Vincent : Je suis directeur qualité à OpenClassrooms. Je prépare d’ailleurs un talk à ce sujet pour la Paris Test Conf. C’est l’approche que nous avons mise en place avec notre équipe de qualité. Je fais également partie de la communauté Ministry of Testing Paris, qui interagit globalement avec les autres communautés en France.
Olivier : Je suis responsable Qualité chez Manomano. Je manage l’équipe “Qraft” qui représente le jeu de mot en Qualité et Craftsmanship. Je suis arrivé il y a 2 ans et demi sur la QA pour en redéfinir la stratégie. J’ai un background d’engineering manager principalement sur des applications mobiles.
Quelle définition donnez-vous à la Quality Assistance ?
Olivier : La Quality Assistance tranche clairement avec Quality Assurance. On associe trop souvent la notion d’être garant du logiciel qui va en production dans beaucoup de contextes.
Chez Manomano ce modèle ne fonctionne pas du tout. Notre contexte est celui d’une entreprise en hypercroissance, avec une architecture se complexifiant et qui se distribue pour répondre aux enjeux de l’organisation. Avoir des personnes qui vérifient que “la qualité est bonne” ou “qu’il n’y a pas de bugs” en fin de chaîne ne fonctionne pas.
J’ai trouvé le modèle de Quality Assistance chez Atlassian en cherchant à développer une alternative. Avec le temps, j’ai appris à appréhender et itérer sur la mise en place du modèle. Il répond à une problématique concrète de scalabilité des pratiques de Qualité. On apprend à tout le monde à mieux travailler plutôt qu’à optimiser un silo.
“Venant moi-même de l’engineering, je suis convaincu qu’il faut produire du logiciel au bon niveau au plus tôt. Agir en seconde phase n’est pas la priorité.”
Olivier Dennemont
Vincent : Je rejoins Olivier sur beaucoup de points. La grande différence est que cette approche implique beaucoup de personnes. Il faut réussir un vrai changement d’état d’esprit pour différents acteurs : le développeur, designer, product manager, etc. C’est un réel changement organisationnel.
L’objectif principal c’est d’accélérer le delivery par la collaboration finalement. On dit que l’on collabore, c’est vrai. Néanmoins, on retrouve trop souvent des silos qui se passent des patates chaudes sans réellement échanger en transverse.
Pourquoi avoir initié une démarche de Quality Assistance ?

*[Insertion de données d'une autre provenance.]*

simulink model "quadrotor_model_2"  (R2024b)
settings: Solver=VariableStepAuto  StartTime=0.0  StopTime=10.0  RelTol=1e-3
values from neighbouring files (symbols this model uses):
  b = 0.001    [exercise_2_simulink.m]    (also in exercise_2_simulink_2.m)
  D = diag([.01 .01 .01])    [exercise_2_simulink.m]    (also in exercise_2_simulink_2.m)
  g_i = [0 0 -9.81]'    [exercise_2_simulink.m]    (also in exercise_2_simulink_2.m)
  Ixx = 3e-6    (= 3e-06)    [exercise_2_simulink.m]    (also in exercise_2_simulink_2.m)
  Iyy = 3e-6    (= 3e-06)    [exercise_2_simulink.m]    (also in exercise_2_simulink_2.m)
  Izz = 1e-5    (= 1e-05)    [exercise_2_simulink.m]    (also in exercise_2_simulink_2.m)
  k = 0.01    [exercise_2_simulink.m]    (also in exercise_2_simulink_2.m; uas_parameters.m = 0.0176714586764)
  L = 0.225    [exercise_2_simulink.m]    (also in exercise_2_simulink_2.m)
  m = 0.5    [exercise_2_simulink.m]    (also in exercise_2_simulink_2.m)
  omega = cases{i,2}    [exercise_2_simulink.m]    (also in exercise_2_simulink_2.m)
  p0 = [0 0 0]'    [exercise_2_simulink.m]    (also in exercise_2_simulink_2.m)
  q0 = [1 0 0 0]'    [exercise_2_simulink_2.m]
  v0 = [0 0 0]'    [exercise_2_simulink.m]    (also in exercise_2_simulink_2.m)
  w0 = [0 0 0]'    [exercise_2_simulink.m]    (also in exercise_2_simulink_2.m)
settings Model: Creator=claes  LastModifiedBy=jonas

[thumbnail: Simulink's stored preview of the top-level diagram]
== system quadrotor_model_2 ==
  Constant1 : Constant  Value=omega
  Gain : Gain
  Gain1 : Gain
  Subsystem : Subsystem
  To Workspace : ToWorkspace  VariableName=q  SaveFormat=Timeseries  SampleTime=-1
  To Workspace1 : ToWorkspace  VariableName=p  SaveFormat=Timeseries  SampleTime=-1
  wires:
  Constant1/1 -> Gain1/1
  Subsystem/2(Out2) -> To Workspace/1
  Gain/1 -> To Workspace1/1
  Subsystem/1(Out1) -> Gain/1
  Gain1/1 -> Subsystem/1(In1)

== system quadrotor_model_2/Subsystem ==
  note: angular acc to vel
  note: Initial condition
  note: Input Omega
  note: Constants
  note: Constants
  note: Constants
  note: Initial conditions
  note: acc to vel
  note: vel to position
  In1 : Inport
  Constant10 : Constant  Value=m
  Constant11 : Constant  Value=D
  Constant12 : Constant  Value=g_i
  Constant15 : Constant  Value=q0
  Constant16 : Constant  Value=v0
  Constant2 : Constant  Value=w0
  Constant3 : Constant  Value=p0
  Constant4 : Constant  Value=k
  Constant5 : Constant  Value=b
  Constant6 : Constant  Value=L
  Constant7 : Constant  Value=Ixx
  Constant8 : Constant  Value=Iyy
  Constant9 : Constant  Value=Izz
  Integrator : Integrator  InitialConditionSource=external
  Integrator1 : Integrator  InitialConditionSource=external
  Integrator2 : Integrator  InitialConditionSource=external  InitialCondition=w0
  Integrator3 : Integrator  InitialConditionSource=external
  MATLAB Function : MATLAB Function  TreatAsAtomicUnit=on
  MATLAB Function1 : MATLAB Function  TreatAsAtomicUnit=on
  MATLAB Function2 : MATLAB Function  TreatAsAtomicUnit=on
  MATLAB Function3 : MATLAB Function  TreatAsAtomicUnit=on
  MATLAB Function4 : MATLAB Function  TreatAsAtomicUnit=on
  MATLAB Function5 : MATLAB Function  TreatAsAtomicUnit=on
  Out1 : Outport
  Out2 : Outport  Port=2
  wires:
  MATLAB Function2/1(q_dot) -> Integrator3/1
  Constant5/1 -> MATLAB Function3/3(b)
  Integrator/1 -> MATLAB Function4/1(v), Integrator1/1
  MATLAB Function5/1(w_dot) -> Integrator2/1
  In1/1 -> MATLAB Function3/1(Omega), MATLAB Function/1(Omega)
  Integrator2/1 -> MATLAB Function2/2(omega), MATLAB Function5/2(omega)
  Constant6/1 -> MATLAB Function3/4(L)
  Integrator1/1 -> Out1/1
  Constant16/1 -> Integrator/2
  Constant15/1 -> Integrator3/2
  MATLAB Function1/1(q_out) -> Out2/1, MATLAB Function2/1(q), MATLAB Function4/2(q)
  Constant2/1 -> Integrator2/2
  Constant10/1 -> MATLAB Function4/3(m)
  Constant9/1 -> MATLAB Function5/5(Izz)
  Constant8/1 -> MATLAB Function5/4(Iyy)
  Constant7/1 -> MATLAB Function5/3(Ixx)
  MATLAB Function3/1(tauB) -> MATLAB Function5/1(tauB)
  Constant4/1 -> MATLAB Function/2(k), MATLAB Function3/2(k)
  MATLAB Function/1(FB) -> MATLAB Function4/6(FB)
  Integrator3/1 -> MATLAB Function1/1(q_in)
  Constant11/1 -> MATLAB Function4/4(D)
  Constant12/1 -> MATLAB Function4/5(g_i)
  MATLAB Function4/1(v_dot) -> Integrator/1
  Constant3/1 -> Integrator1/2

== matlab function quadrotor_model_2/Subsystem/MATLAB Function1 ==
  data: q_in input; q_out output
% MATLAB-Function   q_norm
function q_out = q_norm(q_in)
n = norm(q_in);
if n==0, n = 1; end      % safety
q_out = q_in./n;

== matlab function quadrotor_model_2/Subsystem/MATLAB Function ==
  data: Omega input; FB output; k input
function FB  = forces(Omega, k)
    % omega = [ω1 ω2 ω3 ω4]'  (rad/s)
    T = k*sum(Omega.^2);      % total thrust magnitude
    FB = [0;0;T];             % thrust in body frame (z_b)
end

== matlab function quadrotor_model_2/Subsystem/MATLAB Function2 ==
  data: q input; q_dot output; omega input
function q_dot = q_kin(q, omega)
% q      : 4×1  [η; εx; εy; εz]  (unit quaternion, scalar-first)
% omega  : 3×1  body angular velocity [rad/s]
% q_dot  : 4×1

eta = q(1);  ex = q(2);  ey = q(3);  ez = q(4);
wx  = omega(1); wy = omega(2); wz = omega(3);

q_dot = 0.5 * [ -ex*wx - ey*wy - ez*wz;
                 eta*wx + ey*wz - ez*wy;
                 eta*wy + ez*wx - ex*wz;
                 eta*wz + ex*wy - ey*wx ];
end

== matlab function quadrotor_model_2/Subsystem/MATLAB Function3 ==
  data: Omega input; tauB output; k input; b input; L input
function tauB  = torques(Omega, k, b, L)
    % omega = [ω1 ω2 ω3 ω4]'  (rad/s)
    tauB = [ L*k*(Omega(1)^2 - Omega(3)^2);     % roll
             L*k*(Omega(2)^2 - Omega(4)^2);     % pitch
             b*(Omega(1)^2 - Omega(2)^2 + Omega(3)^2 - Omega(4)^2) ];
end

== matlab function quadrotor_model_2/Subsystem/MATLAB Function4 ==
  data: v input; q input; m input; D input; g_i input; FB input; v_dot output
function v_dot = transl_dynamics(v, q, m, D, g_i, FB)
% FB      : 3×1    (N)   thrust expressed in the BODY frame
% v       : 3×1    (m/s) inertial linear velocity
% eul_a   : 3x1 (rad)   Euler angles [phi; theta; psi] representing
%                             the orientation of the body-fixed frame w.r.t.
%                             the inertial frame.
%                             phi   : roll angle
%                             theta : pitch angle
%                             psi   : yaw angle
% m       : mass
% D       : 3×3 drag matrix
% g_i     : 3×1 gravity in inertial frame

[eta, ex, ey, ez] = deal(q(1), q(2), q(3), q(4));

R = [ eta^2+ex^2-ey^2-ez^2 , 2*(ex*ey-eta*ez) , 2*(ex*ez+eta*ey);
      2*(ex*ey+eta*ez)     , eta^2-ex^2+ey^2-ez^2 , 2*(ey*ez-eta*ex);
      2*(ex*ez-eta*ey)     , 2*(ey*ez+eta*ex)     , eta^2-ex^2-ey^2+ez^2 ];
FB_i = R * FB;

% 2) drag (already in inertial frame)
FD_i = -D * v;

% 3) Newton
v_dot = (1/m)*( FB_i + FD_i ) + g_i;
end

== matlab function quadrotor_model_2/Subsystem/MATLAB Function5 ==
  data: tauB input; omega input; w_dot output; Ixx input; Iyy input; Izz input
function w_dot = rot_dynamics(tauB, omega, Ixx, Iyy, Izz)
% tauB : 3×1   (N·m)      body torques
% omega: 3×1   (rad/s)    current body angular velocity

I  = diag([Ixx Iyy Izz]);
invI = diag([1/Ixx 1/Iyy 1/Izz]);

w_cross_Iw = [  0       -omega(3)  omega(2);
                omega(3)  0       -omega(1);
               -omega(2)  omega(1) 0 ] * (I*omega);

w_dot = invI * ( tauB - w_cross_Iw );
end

Vincent : En juillet 2020 nous avions changé la manière de gérer nos roadmaps. Nous avions lancé un sondage commun lors des diverses rétrospectives. Lors de cet exercice, nous avons obtenu deux fois plus de feedbacks sur l’organisation de la qualité, ses difficultés et son inclusion avec la roadmap. Cela a été le point de départ.
Nous partions de loin. La QA était “responsable” de délais de livraisons en production. Des raccourcis étaient ensuite pris pour aller vite mais au détriment de la qualité. On entendait souvent “c’est la QA qui bloque”. Et pourtant, 40 à 95% des tâches assignées à la QA contenait en fait des causes racines en amont.
On a donc décidé d’adresser l’organisation pour ces soucis de performance structurels.
Olivier : Nous avons accumulé des symptômes similaires. Trop souvent la QA était jugée responsable de problématiques de livraison logicielle. Un raccourci très discutable était fait entre des problématiques de qualités rencontrées par un manque de tests de l’équipe QA. Nous devions également arrêter les erreurs et bugs récurrents.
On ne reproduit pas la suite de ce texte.